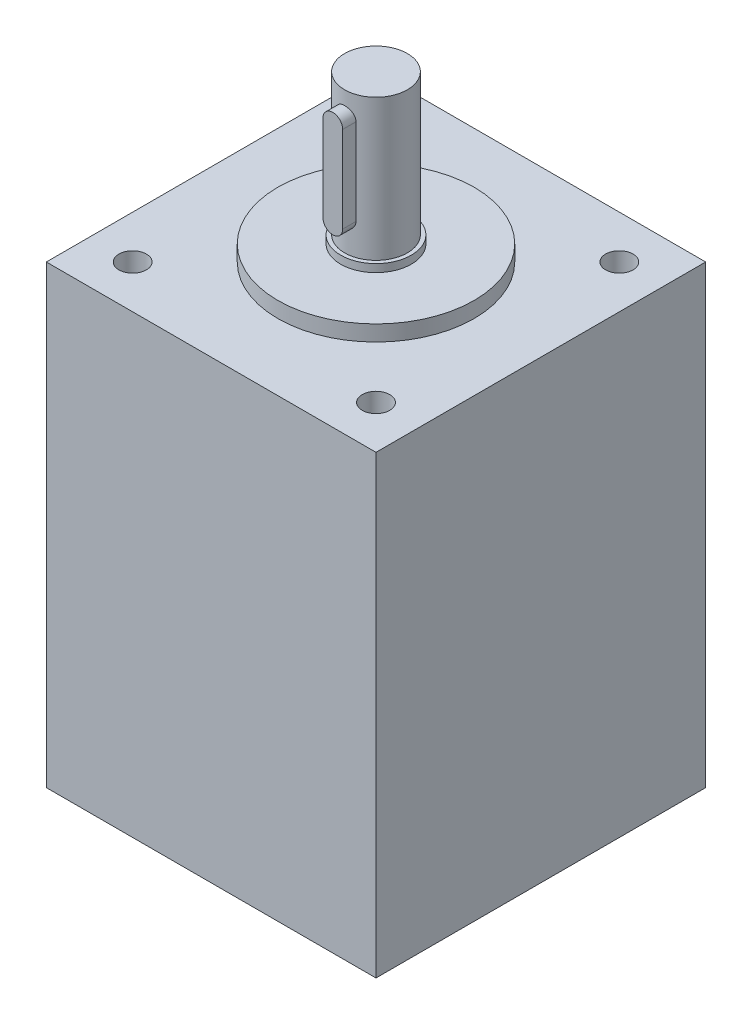
SolidWorks part; units mm, degrees
ref_plane "前视基准面" through (0, 0, 0) normal (0, 0, 1) x (1, 0, 0)
ref_plane "上视基准面" through (0, 0, 0) normal (0, 1, 0) x (1, 0, 0)
ref_plane "右视基准面" through (0, 0, 0) normal (1, 0, 0) x (0, 0, -1)
other "Configuration Table"
sketch "草图2" plane through (0, 0, 0) normal (0, 1, 0) x (1, 0, 0)
  line L1 (0, 0) -> (42, 0)
  line L2 (0, 0) -> (0, 42)
  line L3 (0, 42) -> (42, 42)
  line L4 (42, 0) -> (42, 42)
  dimension "D1" = 42
  dimension "D2" = 42
extrude "凸台-拉伸1" add sketch "草图2" along normal blind 58
sketch "草图3" plane through (0, 58, 0) normal (0, 1, 0) x (1, 0, 0)
  circle A0 centre (21, 21) radius 12.5
extrude "凸台-拉伸2" add sketch "草图3" along normal blind 2
sketch "草图4" plane through (0, 60, 0) normal (0, 1, 0) x (1, 0, 0)
  circle A0 centre (21, 21) radius 4.5
extrude "凸台-拉伸3" add sketch "草图4" along normal blind 1
sketch "草图5" plane through (0, 61, 0) normal (0, 1, 0) x (1, 0, 0)
  circle A0 centre (21, 21) radius 4
extrude "凸台-拉伸4" add sketch "草图5" along normal blind 18
ref_plane "基准面1" through (0, 0, -17) normal (0, 0, 1) x (1, 0, 0)
sketch "草图6" plane through (0, 0, -17) normal (0, 0, 1) x (1, 0, 0)
  line L0 (21, 79) -> (21, -49921) construction
  line L1 (25, 79) -> (17, 79) construction
  line L2 (21, 76) -> (21, 65) construction
  line L3 (22.2549, 76) -> (22.2549, 65)
  line L4 (19.7451, 76) -> (19.7451, 65)
  arc A0 (22.2549, 76) -> (19.7451, 76) centre (21, 76) ccw
  arc A1 (19.7451, 65) -> (22.2549, 65) centre (21, 65) ccw
  point P4 (21, 79)
  point P7 (21, 70.5)
  dimension "D1" = 3
  dimension "D2" = 11
extrude "凸台-拉伸5" add sketch "草图6" along normal blind 1.5 and the other way blind 4
sketch "草图7" plane through (0, 58, 0) normal (0, 1, 0) x (1, 0, 0)
  line L0 (42, 42) -> (0, 42) construction
  line L1 (0, 42) -> (0, 0) construction
  line L2 (21, 21) -> (21, 50021) construction
  line L3 (21, 21) -> (50021, 21) construction
  circle A0 centre (5.5, 36.5) radius 1.75
  circle A1 centre (36.5, 36.5) radius 1.75
  circle A2 centre (36.5, 5.5) radius 1.75
  circle A3 centre (5.5, 5.5) radius 1.75
  dimension "D1" = 3.5
  dimension "D2" = 5.5
  dimension "D3" = 5.5
extrude "切除-拉伸1" cut sketch "草图7" against normal blind 71.5
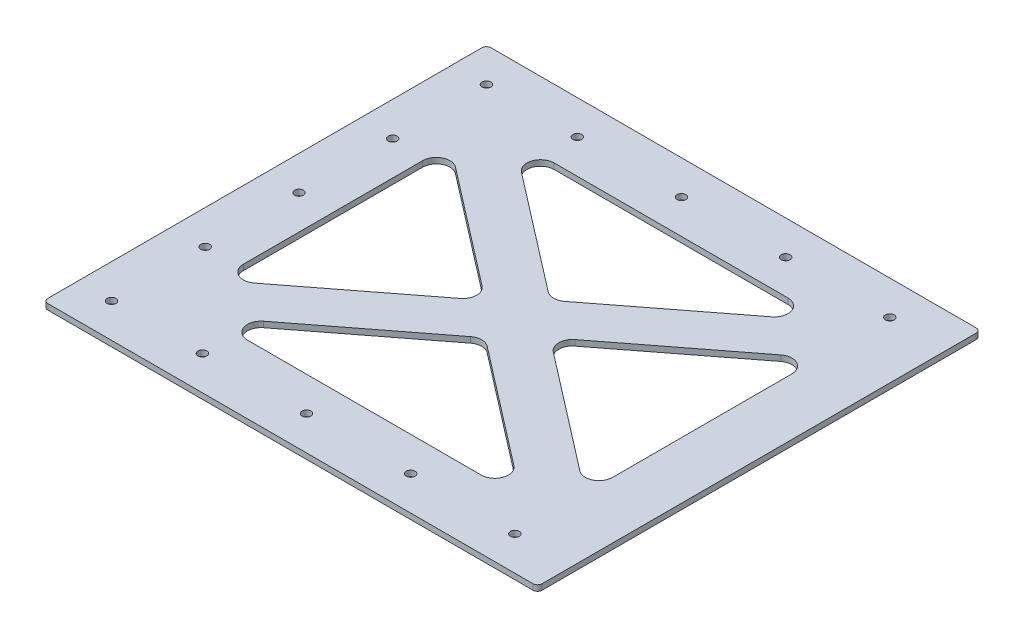
SolidWorks part; units mm, degrees
material "6061 Alloy"
ref_plane "Front Plane" through (0, 0, 0) normal (0, 0, 1) x (1, 0, 0)
ref_plane "Top Plane" through (0, 0, 0) normal (0, 1, 0) x (1, 0, 0)
ref_plane "Right Plane" through (0, 0, 0) normal (1, 0, 0) x (0, 0, -1)
sketch "Sketch1" plane through (0, 0, 0) normal (0, 1, 0) x (1, 0, 0)
  line L1 (0, 0) -> (276.225, 0)
  line L2 (0, 0) -> (0, 247.65)
  line L3 (0, 247.65) -> (276.225, 247.65)
  line L4 (276.225, 0) -> (276.225, 247.65)
  dimension "D1" = 276.225
  dimension "D2" = 247.65
extrude "Boss-Extrude1" add sketch "Sketch1" along normal blind 3.175
sketch "Sketch2" plane through (0, 3.175, 0) normal (0, 1, 0) x (1, 0, 0)
  line L0 (244.475, 209.55) -> (38.1, 209.55) construction
  line L1 (276.225, 0) -> (276.225, 247.65) construction
  line L2 (38.1, 209.55) -> (38.1, 38.1) construction
  line L3 (38.1, 38.1) -> (244.475, 38.1) construction
  line L4 (0, 0) -> (276.225, 0) construction
  line L5 (0, 247.65) -> (0, 0) construction
  line L6 (276.225, 247.65) -> (0, 247.65) construction
  line L7 (38.1, 58.2136) -> (123.1777, 123.825)
  line L8 (123.1777, 123.825) -> (38.1, 189.4364)
  line L9 (38.1, 189.4364) -> (38.1, 58.2136)
  line L13 (53.6115, 209.55) -> (141.2875, 141.9348)
  line L14 (141.2875, 141.9348) -> (228.9635, 209.55)
  line L15 (228.9635, 209.55) -> (53.6115, 209.55)
  line L19 (276.225, 123.825) -> (0, 123.825) construction
  line L20 (141.2875, 209.55) -> (141.2875, 38.1) construction
  line L21 (159.3973, 123.825) -> (244.475, 189.4364)
  line L22 (244.475, 58.2136) -> (159.3973, 123.825)
  line L23 (244.475, 189.4364) -> (244.475, 58.2136)
  line L24 (141.2875, 105.7152) -> (228.9635, 38.1)
  line L25 (53.6115, 38.1) -> (141.2875, 105.7152)
  line L26 (228.9635, 38.1) -> (53.6115, 38.1)
  line L27 (53.6115, 209.55) -> (38.1, 189.4364) construction
  line L28 (123.1777, 123.825) -> (159.3973, 123.825) construction
  line L29 (141.2875, 141.9348) -> (141.2875, 105.7152) construction
  dimension "D1" = 38.1
  dimension "D2" = 38.1
  dimension "D3" = 38.1
  dimension "D4" = 31.75
  dimension "D5" = 25.4
extrude "Cut-Extrude1" cut sketch "Sketch2" against normal through all
hole_wizard "#10 (0.1935) Diameter Hole1" positions "Sketch3" profile "Sketch4" hole size "#10" standard "ANSI Inch" end condition through all
sketch "Sketch3" plane through (0, 3.175, 0) normal (0, 1, 0) x (1, 0, 0)
  line L0 (38.1, 38.1) -> (0, 38.1) construction
  line L1 (0, 247.65) -> (0, 0) construction
  line L2 (19.05, 38.1) -> (19.05, 247.65) construction
  line L3 (276.225, 247.65) -> (0, 247.65) construction
  line L4 (38.1, 209.55) -> (38.1, 247.65) construction
  line L5 (38.1, 228.6) -> (276.225, 228.6) construction
  line L6 (276.225, 0) -> (276.225, 247.65) construction
  line L7 (276.225, 123.825) -> (0, 123.825) construction
  line L8 (276.225, 0) -> (276.225, 247.65) construction
  line L9 (38.1, 38.1) -> (38.1, 0) construction
  line L10 (0, 0) -> (276.225, 0) construction
  line L11 (38.1, 19.05) -> (276.225, 19.05) construction
  point P28 (69.85, 228.6)
  point P47 (19.05, 228.6)
  point P54 (19.05, 176.2125)
  point P55 (19.05, 123.825)
  point P56 (19.05, 71.4375)
  point P57 (19.05, 19.05)
  point P78 (128.0583, 228.6)
  point P79 (186.2667, 228.6)
  point P80 (244.475, 228.6)
  point P84 (244.475, 19.05)
  point P85 (186.2667, 19.05)
  point P86 (128.0583, 19.05)
  point P87 (69.85, 19.05)
  dimension "D3" = 31.75
  dimension "D4" = 31.75
  dimension "D1" = 5
  dimension "D2" = 4
sketch "Sketch4" plane through (69.85, 3.175, -19.05) normal (1, 0, 0) x (0, 0, 1)
  line L0 (0, 0) -> (0, 3.175)
  line L1 (0, 3.175) -> (2.4574, 3.175)
  line L2 (2.4574, 3.175) -> (2.4574, 0)
  line L5 (2.4574, 0) -> (0, 0)
  line L11 (0, -6.35) -> (0, 107.95) construction
  dimension "Thru Hole Dia." = 4.9149
  dimension "Thru Hole Depth" = 3.175
fillet "Fillet1" radius 7.62 12 edges at (38.1, 1.5875, -189.4364) (123.1777, 1.5875, -123.825) (38.1, 1.5875, -58.2136) (159.3973, 1.5875, -123.825) (244.475, 1.5875, -189.4364) (244.475, 1.5875, -58.2136) (228.9635, 1.5875, -209.55) (141.2875, 1.5875, -141.9348) (53.6115, 1.5875, -209.55) (228.9635, 1.5875, -38.1) (53.6115, 1.5875, -38.1) (141.2875, 1.5875, -105.7152)
fillet "Fillet2" radius 2.54 4 edges at (0, 1.5875, -247.65) (276.225, 1.5875, -247.65) (276.225, 1.5875, 0) (0, 1.5875, 0)
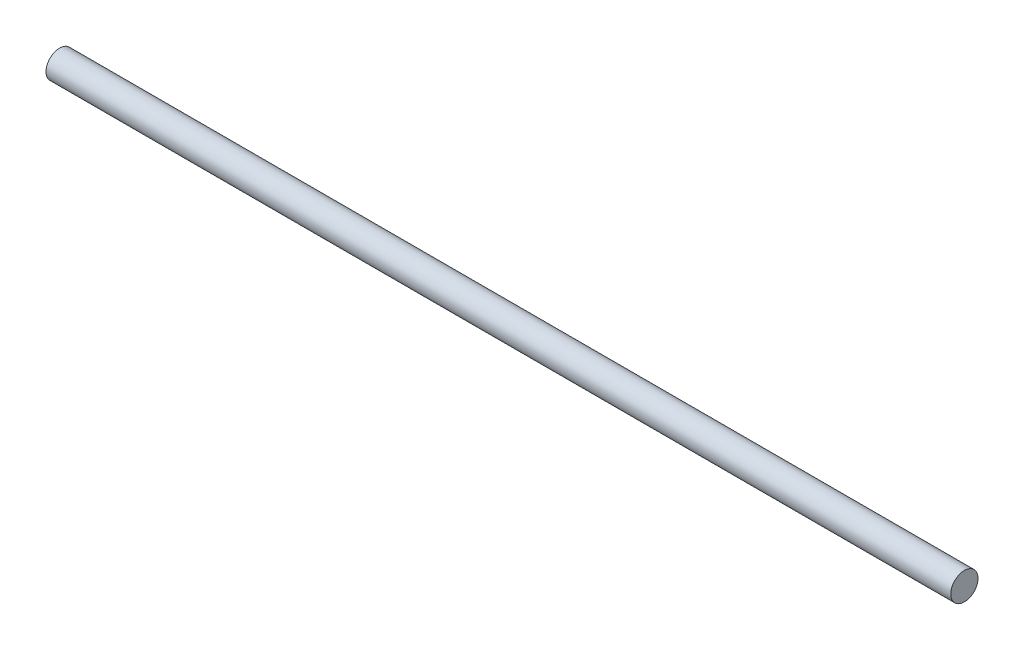
SolidWorks part; units mm, degrees
ref_plane "Front Plane" through (0, 0, 0) normal (0, 0, 1) x (1, 0, 0)
ref_plane "Top Plane" through (0, 0, 0) normal (0, 1, 0) x (1, 0, 0)
ref_plane "Right Plane" through (0, 0, 0) normal (1, 0, 0) x (0, 0, -1)
sketch "Sketch1" plane through (0, 0, 0) normal (1, 0, 0) x (0, 0, -1)
  circle A0 centre (0, 0) radius 7.5
extrude "Boss-Extrude1" add sketch "Sketch1" along normal blind 497.5

### Task brief:
Scan the listing for the string "extrude", then copy every line where it appears.

### Written answer:
extrude "凸台-拉伸1" add sketch "草图2" along normal blind 58
extrude "凸台-拉伸2" add sketch "草图3" along normal blind 2
extrude "凸台-拉伸3" add sketch "草图4" along normal blind 1
extrude "凸台-拉伸4" add sketch "草图5" along normal blind 18
extrude "凸台-拉伸5" add sketch "草图6" along normal blind 1.5 and the other way blind 4
extrude "切除-拉伸1" cut sketch "草图7" against normal blind 71.5
extrude "Boss-Extrude1" add sketch "Sketch1" along normal blind 3.175
extrude "Cut-Extrude1" cut sketch "Sketch2" against normal through all
extrude "Boss-Extrude1" add sketch "Sketch1" along normal blind 497.5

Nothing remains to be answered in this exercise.